И Юзефа вдруг начинает плакать!

Обычно Юзефины слезы не слишком пугают меня. У Юзефы, как папа говорит, глаза на болоте. Только копни – и мокро. Но то, что Юзефа так горько плачет о Павле Григорьевиче, которого она терпеть не может, называет «арештантом», приписывает ему всякие вины и прегрешения, – это поражает меня как громом.

– Что с моим учителем? – бормочу я в испуге. – Случилось что-нибудь? Беда какая-нибудь?

– Не случилось, так случится! – И частые слезинки бегут по морщинам Юзефиного лица, как ручейки по давно промытым руслам.

С трудом удается добиться от нее рассказа о том, что? она знает. Знает она только то, что сегодня ей говорили на базаре кухарки, – а они все ссылаются то на «покоёву» (горничную) пристава, то на кухарку «жандармского пулковника».

– Да что они стрекочут, все эти покоёвы и кухарки? – начинает тревожиться папа.
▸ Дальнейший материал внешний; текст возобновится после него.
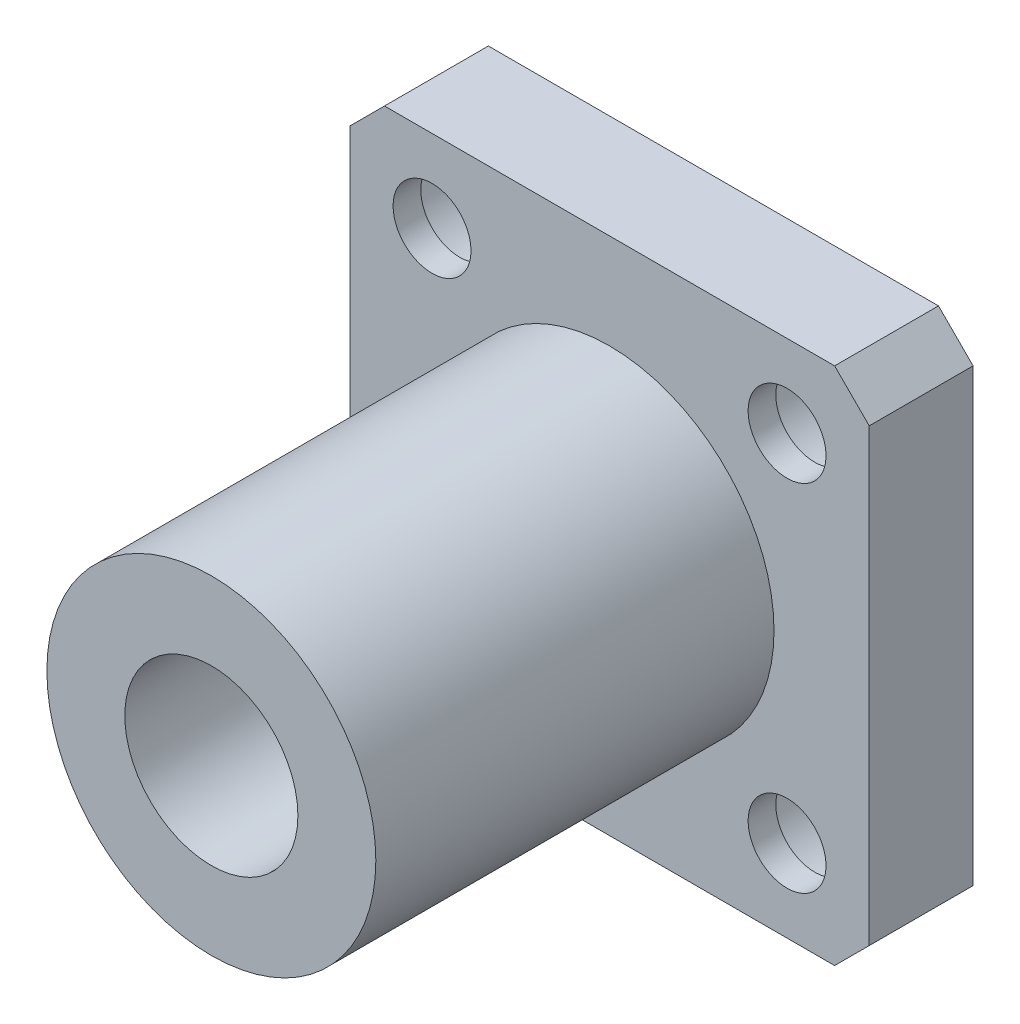
ISO-10303-21;
HEADER;
FILE_DESCRIPTION(('STEP AP214'),'2;1');
FILE_NAME('part.step','',(''),(''),'','','');
FILE_SCHEMA(('AUTOMOTIVE_DESIGN { 1 0 10303 214 1 1 1 1 }'));
ENDSEC;
DATA;
#1=APPLICATION_CONTEXT('core data for automotive mechanical design processes');
#2=APPLICATION_PROTOCOL_DEFINITION('international standard','automotive_design',2000,#1);
#3=PRODUCT_CONTEXT('',#1,'mechanical');
#4=PRODUCT('Part','Part','',(#3));
#5=PRODUCT_RELATED_PRODUCT_CATEGORY('part','',(#4));
#6=PRODUCT_DEFINITION_FORMATION('','',#4);
#7=PRODUCT_DEFINITION_CONTEXT('part definition',#1,'design');
#8=PRODUCT_DEFINITION('design','',#6,#7);
#9=PRODUCT_DEFINITION_SHAPE('','',#8);
#10=(LENGTH_UNIT() NAMED_UNIT(*) SI_UNIT(.MILLI.,.METRE.));
#11=(NAMED_UNIT(*) PLANE_ANGLE_UNIT() SI_UNIT($,.RADIAN.));
#12=(NAMED_UNIT(*) SI_UNIT($,.STERADIAN.) SOLID_ANGLE_UNIT());
#13=UNCERTAINTY_MEASURE_WITH_UNIT(LENGTH_MEASURE(1.E-05),#10,'distance_accuracy_value','');
#14=(GEOMETRIC_REPRESENTATION_CONTEXT(3) GLOBAL_UNCERTAINTY_ASSIGNED_CONTEXT((#13)) GLOBAL_UNIT_ASSIGNED_CONTEXT((#10,
#11,#12)) REPRESENTATION_CONTEXT('',''));
#15=CARTESIAN_POINT('',(0.,0.,0.));
#16=DIRECTION('',(0.,0.,1.));
#17=DIRECTION('',(1.,0.,0.));
#18=AXIS2_PLACEMENT_3D('',#15,#16,#17);
#19=CARTESIAN_POINT('',(0.,0.,6.));
#20=DIRECTION('',(1.,0.,0.));
#21=DIRECTION('',(0.,0.,-1.));
#22=AXIS2_PLACEMENT_3D('',#19,#20,#21);
#23=PLANE('',#22);
#24=DIRECTION('',(0.,-1.,0.));
#25=VECTOR('',#24,1.);
#26=CARTESIAN_POINT('',(0.,0.,6.));
#27=LINE('',#26,#25);
#28=CARTESIAN_POINT('',(0.,28.,6.));
#29=VERTEX_POINT('',#28);
#30=CARTESIAN_POINT('',(0.,2.00000000000001,6.));
#31=VERTEX_POINT('',#30);
#32=EDGE_CURVE('E121',#29,#31,#27,.T.);
#33=ORIENTED_EDGE('',*,*,#32,.F.);
#34=DIRECTION('',(0.,0.,-1.));
#35=VECTOR('',#34,1.);
#36=CARTESIAN_POINT('',(0.,28.,6.));
#37=LINE('',#36,#35);
#38=CARTESIAN_POINT('',(0.,28.,0.));
#39=VERTEX_POINT('',#38);
#40=EDGE_CURVE('E106',#29,#39,#37,.T.);
#41=ORIENTED_EDGE('',*,*,#40,.T.);
#42=DIRECTION('',(0.,-1.,0.));
#43=VECTOR('',#42,1.);
#44=CARTESIAN_POINT('',(0.,0.,0.));
#45=LINE('',#44,#43);
#46=CARTESIAN_POINT('',(0.,2.00000000000001,0.));
#47=VERTEX_POINT('',#46);
#48=EDGE_CURVE('E118',#39,#47,#45,.T.);
#49=ORIENTED_EDGE('',*,*,#48,.T.);
#50=DIRECTION('',(0.,0.,1.));
#51=VECTOR('',#50,1.);
#52=CARTESIAN_POINT('',(0.,2.00000000000001,6.));
#53=LINE('',#52,#51);
#54=EDGE_CURVE('E123',#47,#31,#53,.T.);
#55=ORIENTED_EDGE('',*,*,#54,.T.);
#56=EDGE_LOOP('',(#33,#41,#49,#55));
#57=FACE_BOUND('',#56,.T.);
#58=ADVANCED_FACE('F35',(#57),#23,.F.);
#59=CARTESIAN_POINT('',(0.,0.,6.));
#60=DIRECTION('',(0.,1.,0.));
#61=DIRECTION('',(0.,0.,1.));
#62=AXIS2_PLACEMENT_3D('',#59,#60,#61);
#63=PLANE('',#62);
#64=DIRECTION('',(1.,0.,0.));
#65=VECTOR('',#64,1.);
#66=CARTESIAN_POINT('',(0.,0.,0.));
#67=LINE('',#66,#65);
#68=CARTESIAN_POINT('',(2.,0.,0.));
#69=VERTEX_POINT('',#68);
#70=CARTESIAN_POINT('',(28.,0.,0.));
#71=VERTEX_POINT('',#70);
#72=EDGE_CURVE('E127',#69,#71,#67,.T.);
#73=ORIENTED_EDGE('',*,*,#72,.T.);
#74=DIRECTION('',(0.,0.,1.));
#75=VECTOR('',#74,1.);
#76=CARTESIAN_POINT('',(28.,0.,6.));
#77=LINE('',#76,#75);
#78=CARTESIAN_POINT('',(28.,0.,6.));
#79=VERTEX_POINT('',#78);
#80=EDGE_CURVE('E11',#71,#79,#77,.T.);
#81=ORIENTED_EDGE('',*,*,#80,.T.);
#82=DIRECTION('',(1.,0.,0.));
#83=VECTOR('',#82,1.);
#84=CARTESIAN_POINT('',(0.,0.,6.));
#85=LINE('',#84,#83);
#86=CARTESIAN_POINT('',(2.,0.,6.));
#87=VERTEX_POINT('',#86);
#88=EDGE_CURVE('E188',#87,#79,#85,.T.);
#89=ORIENTED_EDGE('',*,*,#88,.F.);
#90=DIRECTION('',(0.,0.,-1.));
#91=VECTOR('',#90,1.);
#92=CARTESIAN_POINT('',(2.,0.,6.));
#93=LINE('',#92,#91);
#94=EDGE_CURVE('E44',#87,#69,#93,.T.);
#95=ORIENTED_EDGE('',*,*,#94,.T.);
#96=EDGE_LOOP('',(#73,#81,#89,#95));
#97=FACE_BOUND('',#96,.T.);
#98=ADVANCED_FACE('F186',(#97),#63,.F.);
#99=CARTESIAN_POINT('',(30.,0.,6.));
#100=DIRECTION('',(-1.,0.,0.));
#101=DIRECTION('',(0.,0.,1.));
#102=AXIS2_PLACEMENT_3D('',#99,#100,#101);
#103=PLANE('',#102);
#104=DIRECTION('',(0.,1.,0.));
#105=VECTOR('',#104,1.);
#106=CARTESIAN_POINT('',(30.,0.,0.));
#107=LINE('',#106,#105);
#108=CARTESIAN_POINT('',(30.,2.,0.));
#109=VERTEX_POINT('',#108);
#110=CARTESIAN_POINT('',(30.,28.,0.));
#111=VERTEX_POINT('',#110);
#112=EDGE_CURVE('E131',#109,#111,#107,.T.);
#113=ORIENTED_EDGE('',*,*,#112,.T.);
#114=DIRECTION('',(0.,0.,1.));
#115=VECTOR('',#114,1.);
#116=CARTESIAN_POINT('',(30.,28.,6.));
#117=LINE('',#116,#115);
#118=CARTESIAN_POINT('',(30.,28.,6.));
#119=VERTEX_POINT('',#118);
#120=EDGE_CURVE('E51',#111,#119,#117,.T.);
#121=ORIENTED_EDGE('',*,*,#120,.T.);
#122=DIRECTION('',(0.,1.,0.));
#123=VECTOR('',#122,1.);
#124=CARTESIAN_POINT('',(30.,0.,6.));
#125=LINE('',#124,#123);
#126=CARTESIAN_POINT('',(30.,2.,6.));
#127=VERTEX_POINT('',#126);
#128=EDGE_CURVE('E196',#127,#119,#125,.T.);
#129=ORIENTED_EDGE('',*,*,#128,.F.);
#130=DIRECTION('',(0.,0.,-1.));
#131=VECTOR('',#130,1.);
#132=CARTESIAN_POINT('',(30.,2.,6.));
#133=LINE('',#132,#131);
#134=EDGE_CURVE('E179',#127,#109,#133,.T.);
#135=ORIENTED_EDGE('',*,*,#134,.T.);
#136=EDGE_LOOP('',(#113,#121,#129,#135));
#137=FACE_BOUND('',#136,.T.);
#138=ADVANCED_FACE('F195',(#137),#103,.F.);
#139=CARTESIAN_POINT('',(0.,30.,6.));
#140=DIRECTION('',(0.,-1.,0.));
#141=DIRECTION('',(0.,0.,-1.));
#142=AXIS2_PLACEMENT_3D('',#139,#140,#141);
#143=PLANE('',#142);
#144=DIRECTION('',(-1.,0.,0.));
#145=VECTOR('',#144,1.);
#146=CARTESIAN_POINT('',(0.,30.,0.));
#147=LINE('',#146,#145);
#148=CARTESIAN_POINT('',(28.,30.,0.));
#149=VERTEX_POINT('',#148);
#150=CARTESIAN_POINT('',(2.00000000000001,30.,0.));
#151=VERTEX_POINT('',#150);
#152=EDGE_CURVE('E141',#149,#151,#147,.T.);
#153=ORIENTED_EDGE('',*,*,#152,.T.);
#154=DIRECTION('',(0.,0.,1.));
#155=VECTOR('',#154,1.);
#156=CARTESIAN_POINT('',(2.00000000000001,30.,6.));
#157=LINE('',#156,#155);
#158=CARTESIAN_POINT('',(2.00000000000001,30.,6.));
#159=VERTEX_POINT('',#158);
#160=EDGE_CURVE('E107',#151,#159,#157,.T.);
#161=ORIENTED_EDGE('',*,*,#160,.T.);
#162=DIRECTION('',(-1.,0.,0.));
#163=VECTOR('',#162,1.);
#164=CARTESIAN_POINT('',(0.,30.,6.));
#165=LINE('',#164,#163);
#166=CARTESIAN_POINT('',(28.,30.,6.));
#167=VERTEX_POINT('',#166);
#168=EDGE_CURVE('E137',#167,#159,#165,.T.);
#169=ORIENTED_EDGE('',*,*,#168,.F.);
#170=DIRECTION('',(0.,0.,-1.));
#171=VECTOR('',#170,1.);
#172=CARTESIAN_POINT('',(28.,30.,6.));
#173=LINE('',#172,#171);
#174=EDGE_CURVE('E112',#167,#149,#173,.T.);
#175=ORIENTED_EDGE('',*,*,#174,.T.);
#176=EDGE_LOOP('',(#153,#161,#169,#175));
#177=FACE_BOUND('',#176,.T.);
#178=ADVANCED_FACE('F272',(#177),#143,.F.);
#179=CARTESIAN_POINT('',(0.,0.,6.));
#180=DIRECTION('',(0.,0.,-1.));
#181=DIRECTION('',(-1.,0.,0.));
#182=AXIS2_PLACEMENT_3D('',#179,#180,#181);
#183=PLANE('',#182);
#184=CARTESIAN_POINT('',(25.2530483272049,25.2530483272049,6.));
#185=DIRECTION('',(0.,0.,-1.));
#186=DIRECTION('',(-1.,0.,0.));
#187=AXIS2_PLACEMENT_3D('',#184,#185,#186);
#188=CIRCLE('',#187,2.25);
#189=CARTESIAN_POINT('',(23.0030483272049,25.2530483272049,6.));
#190=VERTEX_POINT('',#189);
#191=EDGE_CURVE('E158',#190,#190,#188,.T.);
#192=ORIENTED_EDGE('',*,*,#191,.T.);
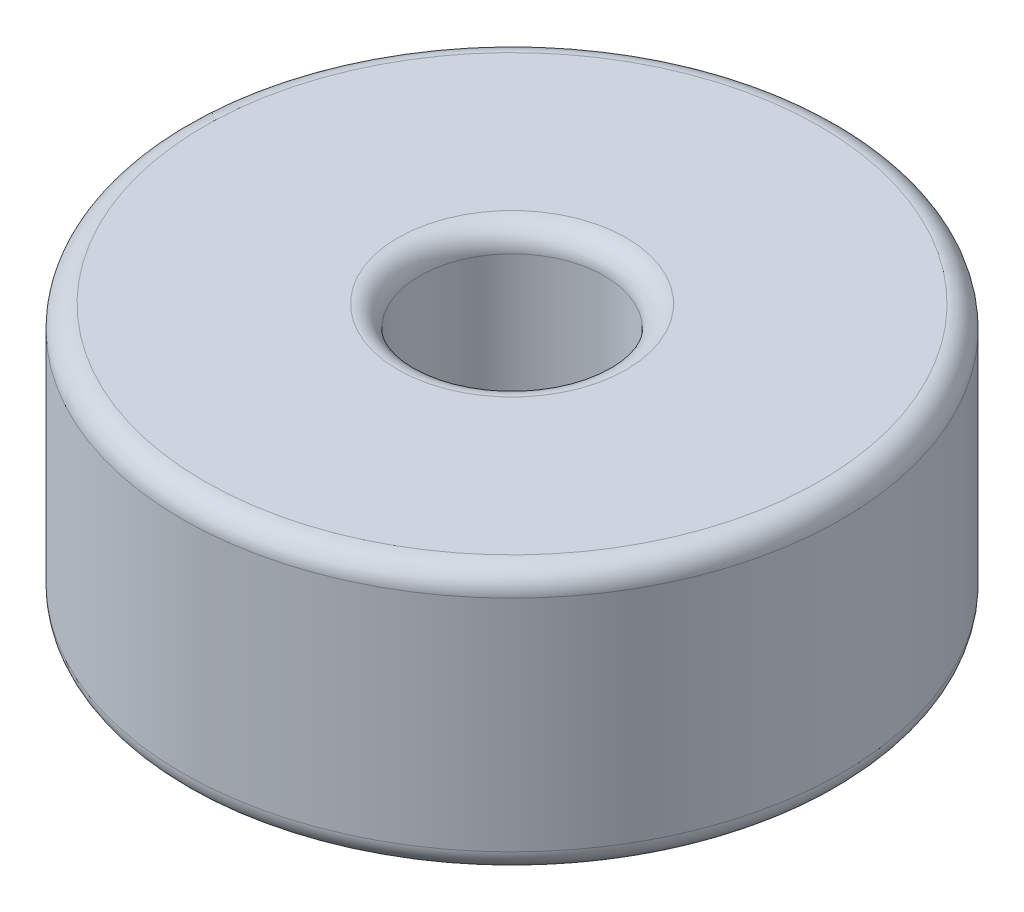
ISO-10303-21;
HEADER;
FILE_DESCRIPTION(('STEP AP214'),'2;1');
FILE_NAME('part.step','',(''),(''),'','','');
FILE_SCHEMA(('AUTOMOTIVE_DESIGN { 1 0 10303 214 1 1 1 1 }'));
ENDSEC;
DATA;
#1=APPLICATION_CONTEXT('core data for automotive mechanical design processes');
#2=APPLICATION_PROTOCOL_DEFINITION('international standard','automotive_design',2000,#1);
#3=PRODUCT_CONTEXT('',#1,'mechanical');
#4=PRODUCT('Part','Part','',(#3));
#5=PRODUCT_RELATED_PRODUCT_CATEGORY('part','',(#4));
#6=PRODUCT_DEFINITION_FORMATION('','',#4);
#7=PRODUCT_DEFINITION_CONTEXT('part definition',#1,'design');
#8=PRODUCT_DEFINITION('design','',#6,#7);
#9=PRODUCT_DEFINITION_SHAPE('','',#8);
#10=(LENGTH_UNIT() NAMED_UNIT(*) SI_UNIT(.MILLI.,.METRE.));
#11=(NAMED_UNIT(*) PLANE_ANGLE_UNIT() SI_UNIT($,.RADIAN.));
#12=(NAMED_UNIT(*) SI_UNIT($,.STERADIAN.) SOLID_ANGLE_UNIT());
#13=UNCERTAINTY_MEASURE_WITH_UNIT(LENGTH_MEASURE(1.E-05),#10,'distance_accuracy_value','');
#14=(GEOMETRIC_REPRESENTATION_CONTEXT(3) GLOBAL_UNCERTAINTY_ASSIGNED_CONTEXT((#13)) GLOBAL_UNIT_ASSIGNED_CONTEXT((#10,
#11,#12)) REPRESENTATION_CONTEXT('',''));
#15=CARTESIAN_POINT('',(0.,0.,0.));
#16=DIRECTION('',(0.,0.,1.));
#17=DIRECTION('',(1.,0.,0.));
#18=AXIS2_PLACEMENT_3D('',#15,#16,#17);
#19=CARTESIAN_POINT('',(0.,6.,0.));
#20=DIRECTION('',(0.,1.,0.));
#21=DIRECTION('',(0.,0.,1.));
#22=AXIS2_PLACEMENT_3D('',#19,#20,#21);
#23=PLANE('',#22);
#24=CARTESIAN_POINT('',(0.,6.,0.));
#25=DIRECTION('',(0.,1.,0.));
#26=DIRECTION('',(0.,0.,1.));
#27=AXIS2_PLACEMENT_3D('',#24,#25,#26);
#28=CIRCLE('',#27,7.);
#29=CARTESIAN_POINT('',(0.,6.,7.));
#30=VERTEX_POINT('',#29);
#31=EDGE_CURVE('E42',#30,#30,#28,.T.);
#32=ORIENTED_EDGE('',*,*,#31,.T.);
#33=EDGE_LOOP('',(#32));
#34=FACE_BOUND('',#33,.T.);
#35=CARTESIAN_POINT('',(0.,6.,0.));
#36=DIRECTION('',(0.,1.,0.));
#37=DIRECTION('',(0.,0.,1.));
#38=AXIS2_PLACEMENT_3D('',#35,#36,#37);
#39=CIRCLE('',#38,2.6);
#40=CARTESIAN_POINT('',(0.,6.,2.6));
#41=VERTEX_POINT('',#40);
#42=EDGE_CURVE('E46',#41,#41,#39,.F.);
#43=ORIENTED_EDGE('',*,*,#42,.T.);
#44=EDGE_LOOP('',(#43));
#45=FACE_BOUND('',#44,.T.);
#46=ADVANCED_FACE('F31',(#34,#45),#23,.T.);
#47=CARTESIAN_POINT('',(0.,0.,0.));
#48=DIRECTION('',(0.,1.,0.));
#49=DIRECTION('',(0.,0.,1.));
#50=AXIS2_PLACEMENT_3D('',#47,#48,#49);
#51=PLANE('',#50);
#52=CARTESIAN_POINT('',(0.,0.,0.));
#53=DIRECTION('',(0.,1.,0.));
#54=DIRECTION('',(0.,0.,1.));
#55=AXIS2_PLACEMENT_3D('',#52,#53,#54);
#56=CIRCLE('',#55,7.);
#57=CARTESIAN_POINT('',(0.,0.,7.));
#58=VERTEX_POINT('',#57);
#59=EDGE_CURVE('E51',#58,#58,#56,.F.);
#60=ORIENTED_EDGE('',*,*,#59,.T.);
#61=EDGE_LOOP('',(#60));
#62=FACE_BOUND('',#61,.T.);
#63=CARTESIAN_POINT('',(0.,0.,0.));
#64=DIRECTION('',(0.,1.,0.));
#65=DIRECTION('',(0.,0.,1.));
#66=AXIS2_PLACEMENT_3D('',#63,#64,#65);
#67=CIRCLE('',#66,2.6);
#68=CARTESIAN_POINT('',(0.,0.,2.6));
#69=VERTEX_POINT('',#68);
#70=EDGE_CURVE('E54',#69,#69,#67,.T.);
#71=ORIENTED_EDGE('',*,*,#70,.T.);
#72=EDGE_LOOP('',(#71));
#73=FACE_BOUND('',#72,.T.);
#74=ADVANCED_FACE('F76',(#62,#73),#51,.F.);
#75=CARTESIAN_POINT('',(0.,6.,0.));
#76=DIRECTION('',(0.,-1.,0.));
#77=DIRECTION('',(0.,0.,-1.));
#78=AXIS2_PLACEMENT_3D('',#75,#76,#77);
#79=CYLINDRICAL_SURFACE('',#78,7.5);
#80=CARTESIAN_POINT('',(0.,0.5,0.));
#81=DIRECTION('',(0.,1.,0.));
#82=DIRECTION('',(0.,0.,1.));
#83=AXIS2_PLACEMENT_3D('',#80,#81,#82);
#84=CIRCLE('',#83,7.5);
#85=CARTESIAN_POINT('',(0.,0.5,7.5));
#86=VERTEX_POINT('',#85);
#87=EDGE_CURVE('E57',#86,#86,#84,.T.);
#88=ORIENTED_EDGE('',*,*,#87,.T.);
#89=EDGE_LOOP('',(#88));
#90=FACE_BOUND('',#89,.T.);
#91=CARTESIAN_POINT('',(0.,5.5,0.));
#92=DIRECTION('',(0.,1.,0.));
#93=DIRECTION('',(0.,0.,1.));
#94=AXIS2_PLACEMENT_3D('',#91,#92,#93);
#95=CIRCLE('',#94,7.5);
#96=CARTESIAN_POINT('',(0.,5.5,7.5));
#97=VERTEX_POINT('',#96);
#98=EDGE_CURVE('E60',#97,#97,#95,.F.);
#99=ORIENTED_EDGE('',*,*,#98,.T.);
#100=EDGE_LOOP('',(#99));
#101=FACE_BOUND('',#100,.T.);
#102=ADVANCED_FACE('F64',(#90,#101),#79,.T.);
#103=CARTESIAN_POINT('',(0.,6.,0.));
#104=DIRECTION('',(0.,-1.,0.));
#105=DIRECTION('',(0.,0.,-1.));
#106=AXIS2_PLACEMENT_3D('',#103,#104,#105);
#107=CYLINDRICAL_SURFACE('',#106,2.1);
#108=CARTESIAN_POINT('',(0.,0.5,0.));
#109=DIRECTION('',(0.,1.,0.));
#110=DIRECTION('',(0.,0.,1.));
#111=AXIS2_PLACEMENT_3D('',#108,#109,#110);
#112=CIRCLE('',#111,2.1);
#113=CARTESIAN_POINT('',(0.,0.5,2.1));
#114=VERTEX_POINT('',#113);
#115=EDGE_CURVE('E10',#114,#114,#112,.F.);
#116=ORIENTED_EDGE('',*,*,#115,.T.);
#117=EDGE_LOOP('',(#116));
#118=FACE_BOUND('',#117,.T.);
#119=CARTESIAN_POINT('',(0.,5.5,0.));
#120=DIRECTION('',(0.,1.,0.));
#121=DIRECTION('',(0.,0.,1.));
#122=AXIS2_PLACEMENT_3D('',#119,#120,#121);
#123=CIRCLE('',#122,2.1);
#124=CARTESIAN_POINT('',(0.,5.5,2.1));
#125=VERTEX_POINT('',#124);
#126=EDGE_CURVE('E38',#125,#125,#123,.T.);
#127=ORIENTED_EDGE('',*,*,#126,.T.);
#128=EDGE_LOOP('',(#127));
#129=FACE_BOUND('',#128,.T.);
#130=ADVANCED_FACE('F92',(#118,#129),#107,.F.);
#131=CARTESIAN_POINT('',(0.,0.5,0.));
#132=DIRECTION('',(0.,1.,0.));
#133=DIRECTION('',(0.,0.,1.));
#134=AXIS2_PLACEMENT_3D('',#131,#132,#133);
#135=TOROIDAL_SURFACE('',#134,7.,0.5);
#136=ORIENTED_EDGE('',*,*,#59,.F.);
#137=EDGE_LOOP('',(#136));
#138=FACE_BOUND('',#137,.T.);
#139=ORIENTED_EDGE('',*,*,#87,.F.);
#140=EDGE_LOOP('',(#139));
#141=FACE_BOUND('',#140,.T.);
#142=ADVANCED_FACE('F70',(#138,#141),#135,.T.);
#143=CARTESIAN_POINT('',(0.,5.5,0.));
#144=DIRECTION('',(0.,1.,0.));
#145=DIRECTION('',(0.,0.,1.));
#146=AXIS2_PLACEMENT_3D('',#143,#144,#145);
#147=TOROIDAL_SURFACE('',#146,7.,0.5);
#148=ORIENTED_EDGE('',*,*,#98,.F.);
#149=EDGE_LOOP('',(#148));
#150=FACE_BOUND('',#149,.T.);
#151=ORIENTED_EDGE('',*,*,#31,.F.);
#152=EDGE_LOOP('',(#151));
#153=FACE_BOUND('',#152,.T.);
#154=ADVANCED_FACE('F66',(#150,#153),#147,.T.);
#155=CARTESIAN_POINT('',(0.,0.5,0.));
#156=DIRECTION('',(0.,1.,0.));
#157=DIRECTION('',(0.,0.,1.));
#158=AXIS2_PLACEMENT_3D('',#155,#156,#157);
#159=TOROIDAL_SURFACE('',#158,2.6,0.5);
#160=ORIENTED_EDGE('',*,*,#115,.F.);
#161=EDGE_LOOP('',(#160));
#162=FACE_BOUND('',#161,.T.);
#163=ORIENTED_EDGE('',*,*,#70,.F.);
#164=EDGE_LOOP('',(#163));
#165=FACE_BOUND('',#164,.T.);
#166=ADVANCED_FACE('F69',(#162,#165),#159,.T.);
#167=CARTESIAN_POINT('',(0.,5.5,0.));
#168=DIRECTION('',(0.,1.,0.));
#169=DIRECTION('',(0.,0.,1.));
#170=AXIS2_PLACEMENT_3D('',#167,#168,#169);
#171=TOROIDAL_SURFACE('',#170,2.6,0.5);
#172=ORIENTED_EDGE('',*,*,#42,.F.);
#173=EDGE_LOOP('',(#172));
#174=FACE_BOUND('',#173,.T.);
#175=ORIENTED_EDGE('',*,*,#126,.F.);
#176=EDGE_LOOP('',(#175));
#177=FACE_BOUND('',#176,.T.);
#178=ADVANCED_FACE('F33',(#174,#177),#171,.T.);
#179=CLOSED_SHELL('',(#46,#74,#102,#130,#142,#154,#166,#178));
#180=MANIFOLD_SOLID_BREP('B2',#179);
#181=ADVANCED_BREP_SHAPE_REPRESENTATION('',(#18,#180),#14);
#182=SHAPE_DEFINITION_REPRESENTATION(#9,#181);
ENDSEC;
END-ISO-10303-21;

– Они не стрекочут, они не болбочут, – строго объясняет папе Юзефа, – они правду говорят. Прислуга всегда все знает! И они говорят, что сегодня фабричные бросят работу и вместе с арештантами – такими, как наш учитель! – пойдут по улицам с красным флагом, будут кричать, что не надо царя, не надо нам панов – сами будем пановать. А полицейские – чтоб они подохли все до единого, и не завтра, а сей минут! – уже пронюхали про это. Кто-то – чтоб ему гореть в огне, и не один-два дня, а сто лет! – сказал полиции об этом. Как пойдут фабричные и арештанты по улице, так полиция и казаки нападут на них, будут их бить «дисциплинками» (нагайками), стрелять в них будут! Для того им ныне рано выдали «стрелы» (боевые патроны) и по лафитнику водки на каждого… Всех они поубивают! И нашего, бедного, убьют! Насмерть!